Getting the New Tangent Models O-59A Gondolas Layout Ready

I just bought two Tangent Models B&O O-59 Gondolas and they look fantastic. They are a very nice compromise for a layout model as opposed to an RPM model with full underbody detail. At $38.95 retail they have a lot of great features and B&O specific details. The coupler bodies are extended from the ends to replicate a Duryea underframe and it is roughly represented under the car. The underbody details are hidden from the side view, so the rough representation is a good compromise as it allows space for adequate weight, there are two. This was an intentional compromise by the manufacturer to insure the floor height was accurate to the prototype. Weight is always a problem for empty gons and flat cars and in this case I prefer their approach to making it look correct from the top and side, rather underneath. The carbody has separate grab irons, great hand brake detail, coupler lift bars, and a Tatum slack adjuster. I wonder if they would sell those Tatum slack adjuster castings for detailing other B&O freight cars? I’ll check. I have gotten a kind reply and the parts sprue is out of stock. I will edit when it is in stock. Tangent offers most of there parts sprues for only $3. it does appear the underbody details aren’t aligned with the slack adjuster, the underbody detail is at the other end of the car but on the same side.

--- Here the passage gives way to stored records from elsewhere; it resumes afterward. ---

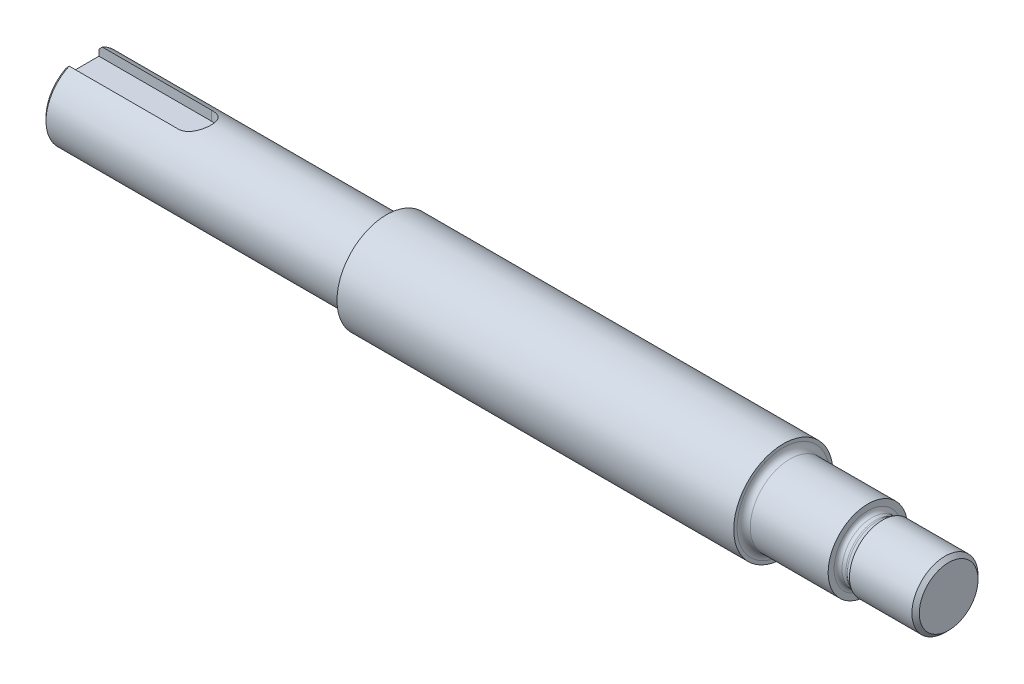
ISO-10303-21;
HEADER;
FILE_DESCRIPTION(('STEP AP214'),'2;1');
FILE_NAME('part.step','',(''),(''),'','','');
FILE_SCHEMA(('AUTOMOTIVE_DESIGN { 1 0 10303 214 1 1 1 1 }'));
ENDSEC;
DATA;
#1=APPLICATION_CONTEXT('core data for automotive mechanical design processes');
#2=APPLICATION_PROTOCOL_DEFINITION('international standard','automotive_design',2000,#1);
#3=PRODUCT_CONTEXT('',#1,'mechanical');
#4=PRODUCT('Part','Part','',(#3));
#5=PRODUCT_RELATED_PRODUCT_CATEGORY('part','',(#4));
#6=PRODUCT_DEFINITION_FORMATION('','',#4);
#7=PRODUCT_DEFINITION_CONTEXT('part definition',#1,'design');
#8=PRODUCT_DEFINITION('design','',#6,#7);
#9=PRODUCT_DEFINITION_SHAPE('','',#8);
#10=(LENGTH_UNIT() NAMED_UNIT(*) SI_UNIT(.MILLI.,.METRE.));
#11=(NAMED_UNIT(*) PLANE_ANGLE_UNIT() SI_UNIT($,.RADIAN.));
#12=(NAMED_UNIT(*) SI_UNIT($,.STERADIAN.) SOLID_ANGLE_UNIT());
#13=UNCERTAINTY_MEASURE_WITH_UNIT(LENGTH_MEASURE(1.E-05),#10,'distance_accuracy_value','');
#14=(GEOMETRIC_REPRESENTATION_CONTEXT(3) GLOBAL_UNCERTAINTY_ASSIGNED_CONTEXT((#13)) GLOBAL_UNIT_ASSIGNED_CONTEXT((#10,
#11,#12)) REPRESENTATION_CONTEXT('',''));
#15=CARTESIAN_POINT('',(0.,0.,0.));
#16=DIRECTION('',(0.,0.,1.));
#17=DIRECTION('',(1.,0.,0.));
#18=AXIS2_PLACEMENT_3D('',#15,#16,#17);
#19=CARTESIAN_POINT('',(0.,0.,0.));
#20=DIRECTION('',(-1.,0.,0.));
#21=DIRECTION('',(0.,0.,1.));
#22=AXIS2_PLACEMENT_3D('',#19,#20,#21);
#23=PLANE('',#22);
#24=DIRECTION('',(0.,0.,1.));
#25=VECTOR('',#24,1.);
#26=CARTESIAN_POINT('',(0.,4.,0.));
#27=LINE('',#26,#25);
#28=CARTESIAN_POINT('',(0.,4.,-2.5));
#29=VERTEX_POINT('',#28);
#30=CARTESIAN_POINT('',(0.,4.,2.5));
#31=VERTEX_POINT('',#30);
#32=EDGE_CURVE('E12',#29,#31,#27,.T.);
#33=ORIENTED_EDGE('',*,*,#32,.F.);
#34=DIRECTION('',(0.,1.,0.));
#35=VECTOR('',#34,1.);
#36=CARTESIAN_POINT('',(0.,0.,-2.5));
#37=LINE('',#36,#35);
#38=CARTESIAN_POINT('',(0.,4.89897948556635,-2.5));
#39=VERTEX_POINT('',#38);
#40=EDGE_CURVE('E291',#29,#39,#37,.T.);
#41=ORIENTED_EDGE('',*,*,#40,.T.);
#42=CARTESIAN_POINT('',(0.,0.,0.));
#43=DIRECTION('',(-1.,0.,0.));
#44=DIRECTION('',(0.,0.,1.));
#45=AXIS2_PLACEMENT_3D('',#42,#43,#44);
#46=CIRCLE('',#45,5.49999999999999);
#47=CARTESIAN_POINT('',(0.,4.89897948556635,2.5));
#48=VERTEX_POINT('',#47);
#49=EDGE_CURVE('E372',#39,#48,#46,.T.);
#50=ORIENTED_EDGE('',*,*,#49,.T.);
#51=DIRECTION('',(0.,-1.,0.));
#52=VECTOR('',#51,1.);
#53=CARTESIAN_POINT('',(0.,0.,2.5));
#54=LINE('',#53,#52);
#55=EDGE_CURVE('E244',#48,#31,#54,.T.);
#56=ORIENTED_EDGE('',*,*,#55,.T.);
#57=EDGE_LOOP('',(#33,#41,#50,#56));
#58=FACE_BOUND('',#57,.T.);
#59=ADVANCED_FACE('F226',(#58),#23,.T.);
#60=CARTESIAN_POINT('',(0.,0.,0.));
#61=DIRECTION('',(-1.,0.,0.));
#62=DIRECTION('',(0.,0.,1.));
#63=AXIS2_PLACEMENT_3D('',#60,#61,#62);
#64=CYLINDRICAL_SURFACE('',#63,6.);
#65=CARTESIAN_POINT('',(45.,0.,0.));
#66=DIRECTION('',(-1.,0.,0.));
#67=DIRECTION('',(0.,0.,1.));
#68=AXIS2_PLACEMENT_3D('',#65,#66,#67);
#69=CIRCLE('',#68,6.);
#70=CARTESIAN_POINT('',(45.,0.,6.));
#71=VERTEX_POINT('',#70);
#72=EDGE_CURVE('E356',#71,#71,#69,.T.);
#73=ORIENTED_EDGE('',*,*,#72,.T.);
#74=EDGE_LOOP('',(#73));
#75=FACE_BOUND('',#74,.T.);
#76=CARTESIAN_POINT('',(0.500000000000017,0.,0.));
#77=DIRECTION('',(-1.,0.,0.));
#78=DIRECTION('',(0.,0.,1.));
#79=AXIS2_PLACEMENT_3D('',#76,#77,#78);
#80=CIRCLE('',#79,6.);
#81=CARTESIAN_POINT('',(0.500000000000017,5.45435605731786,2.5));
#82=VERTEX_POINT('',#81);
#83=CARTESIAN_POINT('',(0.499999999999799,5.45435605731776,-2.5));
#84=VERTEX_POINT('',#83);
#85=EDGE_CURVE('E376',#82,#84,#80,.F.);
#86=ORIENTED_EDGE('',*,*,#85,.T.);
#87=DIRECTION('',(-1.,0.,0.));
#88=VECTOR('',#87,1.);
#89=CARTESIAN_POINT('',(0.,5.45435605731786,-2.5));
#90=LINE('',#89,#88);
#91=CARTESIAN_POINT('',(17.,5.45435605731786,-2.5));
#92=VERTEX_POINT('',#91);
#93=EDGE_CURVE('E252',#84,#92,#90,.F.);
#94=ORIENTED_EDGE('',*,*,#93,.T.);
#95=CARTESIAN_POINT('',(17.,5.45435605731786,-2.5));
#96=CARTESIAN_POINT('',(17.066990421397,5.4543414367274,-2.50001024965806));
#97=CARTESIAN_POINT('',(17.1339728576071,5.45558986423115,-2.49730766074456));
#98=CARTESIAN_POINT('',(17.267391217606,5.46050344433192,-2.48655699342007));
#99=CARTESIAN_POINT('',(17.3338273558978,5.46416759753227,-2.47851112553775));
#100=CARTESIAN_POINT('',(17.4654018598714,5.47378318611766,-2.45719882557102));
#101=CARTESIAN_POINT('',(17.5305445048847,5.47972494833872,-2.44395446621823));
#102=CARTESIAN_POINT('',(17.6593476505706,5.49369035165668,-2.41239773056354));
#103=CARTESIAN_POINT('',(17.7230080494492,5.50171413528084,-2.39408500729503));
#104=CARTESIAN_POINT('',(17.9109704766892,5.52852216859036,-2.33184505253746));
#105=CARTESIAN_POINT('',(18.0325349409199,5.55006534458072,-2.28056973965757));
#106=CARTESIAN_POINT('',(18.265394969978,5.5980502687434,-2.16009667726577));
#107=CARTESIAN_POINT('',(18.3766796624162,5.62449711638193,-2.09088024017803));
#108=CARTESIAN_POINT('',(18.5926555180297,5.68111739532849,-1.93194216605247));
#109=CARTESIAN_POINT('',(18.6966314637585,5.71141645652258,-1.84129131772597));
#110=CARTESIAN_POINT('',(18.8884169369691,5.77129106659512,-1.6440247325164));
#111=CARTESIAN_POINT('',(18.9762230019235,5.80086645933831,-1.53740558511416));
#112=CARTESIAN_POINT('',(19.1368988289762,5.85751079611205,-1.30552662419109));
#113=CARTESIAN_POINT('',(19.2089534877025,5.88441492036275,-1.17965801419142));
#114=CARTESIAN_POINT('',(19.3305523948046,5.93113050419022,-0.916263349803656));
#115=CARTESIAN_POINT('',(19.3801067434128,5.95094514533806,-0.778742558960749));
#116=CARTESIAN_POINT('',(19.4526785710471,5.98035028996094,-0.503538212911765));
#117=CARTESIAN_POINT('',(19.4769429460133,5.99041924152298,-0.366235636683352));
#118=CARTESIAN_POINT('',(19.502275267891,6.00093656296527,-0.0891608856613083));
#119=CARTESIAN_POINT('',(19.5033522066188,6.00138866214753,0.0506103107853688));
#120=CARTESIAN_POINT('',(19.4829313516378,5.99290254661358,0.319586702683723));
#121=CARTESIAN_POINT('',(19.4628034512649,5.98453414521297,0.448917245472143));
#122=CARTESIAN_POINT('',(19.4028930910878,5.96013005449445,0.70216796354397));
#123=CARTESIAN_POINT('',(19.3631095260154,5.94409393401056,0.826087834150438));
#124=CARTESIAN_POINT('',(19.2645442163381,5.90559715444489,1.06727556823007));
#125=CARTESIAN_POINT('',(19.2054818206956,5.88304219015531,1.1844130633202));
#126=CARTESIAN_POINT('',(19.0703092180309,5.83371457161593,1.40742238732223));
#127=CARTESIAN_POINT('',(18.9941928006955,5.80694038196897,1.51329009151026));
#128=CARTESIAN_POINT('',(18.8208409664575,5.74963576527152,1.71867537807254));
#129=CARTESIAN_POINT('',(18.7224958287417,5.71897359653013,1.81722082953265));
#130=CARTESIAN_POINT('',(18.5105893535751,5.65876079183101,1.99685313522822));
#131=CARTESIAN_POINT('',(18.3970203460054,5.62921072584973,2.07793113494236));
#132=CARTESIAN_POINT('',(18.1531453498455,5.57361619012468,2.22284514508404));
#133=CARTESIAN_POINT('',(18.0224071265261,5.54772171984214,2.28601504206341));
#134=CARTESIAN_POINT('',(17.7508546265431,5.50417661447929,2.38897619183128));
#135=CARTESIAN_POINT('',(17.6100594530022,5.48651080537515,2.4288105117282));
#136=CARTESIAN_POINT('',(17.3898491565922,5.46773287951056,2.47065526537902));
#137=CARTESIAN_POINT('',(17.3123689332134,5.46274303006064,2.48164099212927));
#138=CARTESIAN_POINT('',(17.1566098186605,5.45604541462647,2.49631631258703));
#139=CARTESIAN_POINT('',(17.0783312227393,5.45433647659977,2.50000851178052));
#140=CARTESIAN_POINT('',(17.,5.45435605731786,2.5));
#141=B_SPLINE_CURVE_WITH_KNOTS('',3,(#95,#96,#97,#98,#99,#100,#101,#102,#103,#104,#105,#106,
#107,#108,#109,#110,#111,#112,#113,#114,#115,#116,#117,#118,#119,#120,#121,#122,#123,#124,#125,
#126,#127,#128,#129,#130,#131,#132,#133,#134,#135,#136,#137,#138,#139,#140),.UNSPECIFIED.,.F.,
.F.,(4,2,2,2,2,2,2,2,2,2,2,2,2,2,2,2,2,2,2,2,2,2,4),(0.,0.200891876435008,0.401700695097973,
0.601665948391963,0.801644894158599,1.20075599352942,1.6002844916061,2.02212344548655,
2.44405262481498,2.88432120276328,3.32439195134774,3.74155898035476,4.15856423395471,
4.55019084443641,4.94183947919071,5.33946474085078,5.73723503589979,6.16301556467703,
6.58901142297275,7.02923147484728,7.4686364954648,7.70350874445825,7.93829707423866),.UNSPECIFIED.);
#142=CARTESIAN_POINT('',(17.,5.45435605731786,2.5));
#143=VERTEX_POINT('',#142);
#144=EDGE_CURVE('E237',#92,#143,#141,.T.);
#145=ORIENTED_EDGE('',*,*,#144,.T.);
#146=DIRECTION('',(-1.,0.,0.));
#147=VECTOR('',#146,1.);
#148=CARTESIAN_POINT('',(0.,5.45435605731786,2.5));
#149=LINE('',#148,#147);
#150=EDGE_CURVE('E284',#143,#82,#149,.T.);
#151=ORIENTED_EDGE('',*,*,#150,.T.);
#152=EDGE_LOOP('',(#86,#94,#145,#151));
#153=FACE_BOUND('',#152,.T.);
#154=ADVANCED_FACE('F413',(#75,#153),#64,.T.);
#155=CARTESIAN_POINT('',(0.,0.,0.));
#156=DIRECTION('',(1.,0.,0.));
#157=DIRECTION('',(0.,0.,-1.));
#158=AXIS2_PLACEMENT_3D('',#155,#156,#157);
#159=CONICAL_SURFACE('',#158,5.49999999999999,0.785398163397441);
#160=ORIENTED_EDGE('',*,*,#49,.F.);
#161=CARTESIAN_POINT('',(-2.06175281280883,2.36041176921064,-2.5));
#162=CARTESIAN_POINT('',(-2.01394475397447,2.43003661537907,-2.5));
#163=CARTESIAN_POINT('',(-1.96539366837906,2.49914412103413,-2.5));
#164=CARTESIAN_POINT('',(-1.8670237978404,2.63644147141834,-2.5));
#165=CARTESIAN_POINT('',(-1.8172051393184,2.70463140663225,-2.5));
#166=CARTESIAN_POINT('',(-1.66619894009737,2.90796953010818,-2.5));
#167=CARTESIAN_POINT('',(-1.56342461092271,3.04193862719923,-2.5));
#168=CARTESIAN_POINT('',(-1.35490770434356,3.30734106462791,-2.5));
#169=CARTESIAN_POINT('',(-1.24916779789332,3.43877651756389,-2.5));
#170=CARTESIAN_POINT('',(-1.03538561102648,3.69978141090577,-2.5));
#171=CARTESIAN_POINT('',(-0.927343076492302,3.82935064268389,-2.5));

O-59A Builder Photo, BORRHS Collection.

I recently saw on a chat group someone state that an old Athearn Blue Box kit would be around $25 today, when adjusted for inflation. It gives some perspective on what a deal I believe these cars represent.

Getting them ready for my 1950 era layout starts with some basic steps, the first thing I do with every car is paint and install metal wheels. These models have great wheelsets included so a quick trip to the paint booth, a spray with Vallejo NATO Black, and they are ready for service. You can see in the photo how shiny they are compared to the paint mask that has been sprayed many times. This hasn’t happened to me before with other wheelsets, I would recommend washing the them with a degreaser as I got an unsatisfactory finish on several wheels and it appeared to be the result of some type of oil on the wheel face. Lesson learned. The trucks get a quick weathering paint job with a mix of Vallejo NATO Black and Hull Red.

While I have the trucks removed, I was hoping to burnish the coupler box interiors and add some Kadee 231 “Greas-Em” Dry Graphite Lubricant. The end detail makes it difficult to remove the couplers, so I will shoot some lubricant into the coupler boxes and exercise the coupler shafts to make it as smooth as possible. The cars are already equipped with scale couplers, bonus. I lightly brush painted them with some rust paint. Late note, I was using one of the gons on the layout to test track placement and a derailment caused a coupler box to come loose. They are actually glued in place and the screw only holds the cover to the box, not the car. I was a little disappointed with the two small spots of glue that secure the coupler box without a mechanical attachment, like a screw. I will use some styrene cement to reattach the coupler box using the original two pin connections and supplement it with some epoxy in other locations under the box to add some durability. I hope the flexibility of an epoxy held joint will help improve longevity as the styrene pin joint is small and rigid.

One of the preinstalled air hoses took at beating in the derailment so before painting with some rust and light grey on the “metal” parts, I installed some Hi-Tech HO Scale AAR Air Hoses 22″, part #6038. After drilling a #76 hole in the end sill I used canopy glue to secure the hose from behind to the sill. It took some careful trimming to remove the valve from the diagonal support that came with the kit. I secured the support to the body with styrene cement and CA. The joint with the rubber hose was secured with canopy glue. I use Formula 560 Canopy Glue from Zap as recommended by others. It’s durability will depend on me limiting derailments.

Next I weathered the body with a combination of thinned NATO Black overspray, Pan Pastels, and artist pastels. The very light overspray of Vallejo NATO Black lightens the basic black body color and dulls the stark white lettering to represent nine years in service behind steam engines and near steel mills. The interior gets attention with Pan Pastels, especially rust and brown tones. I also have a set of artist pastels and a very stiff, wide brush I use to add lighter colors. I will repeat this after DullCote overspray to make sure the car has an appropriate “in-service for a decade” look.

Final touches include creating some stencil updates to the reweigh and repack information with black decal patches and 1950 dates and B&O locations. I added a few chalk marks from Speedwitch Media’s Decal 135 – Freight Car Chalk Marks. I want these to appear less weathered as if they were written within the last year.

Finally I overspray with Testors dullcote and add some scrap donnage and other things found in gondolas constantly in service.

In addition to the B&O cars, I purchased a Lehigh Valley gondola with similar features. The LV car was a treated similarly to the others and I got to weather the wood decking using time honored techniques of gray, tan, and black washes. This car does not have Duryea underframe. For the body, the lighter red color allowed me to use some Tamiya 87131 Panel Line Accent Color – Black to weather the seams, structural members, and to highlight the details. I enjoyed using the accent color using the pin wash technique and will write further about it in a future blog.

A couple of nights worth of work and these cars are ready for service. Nice models at a fair price.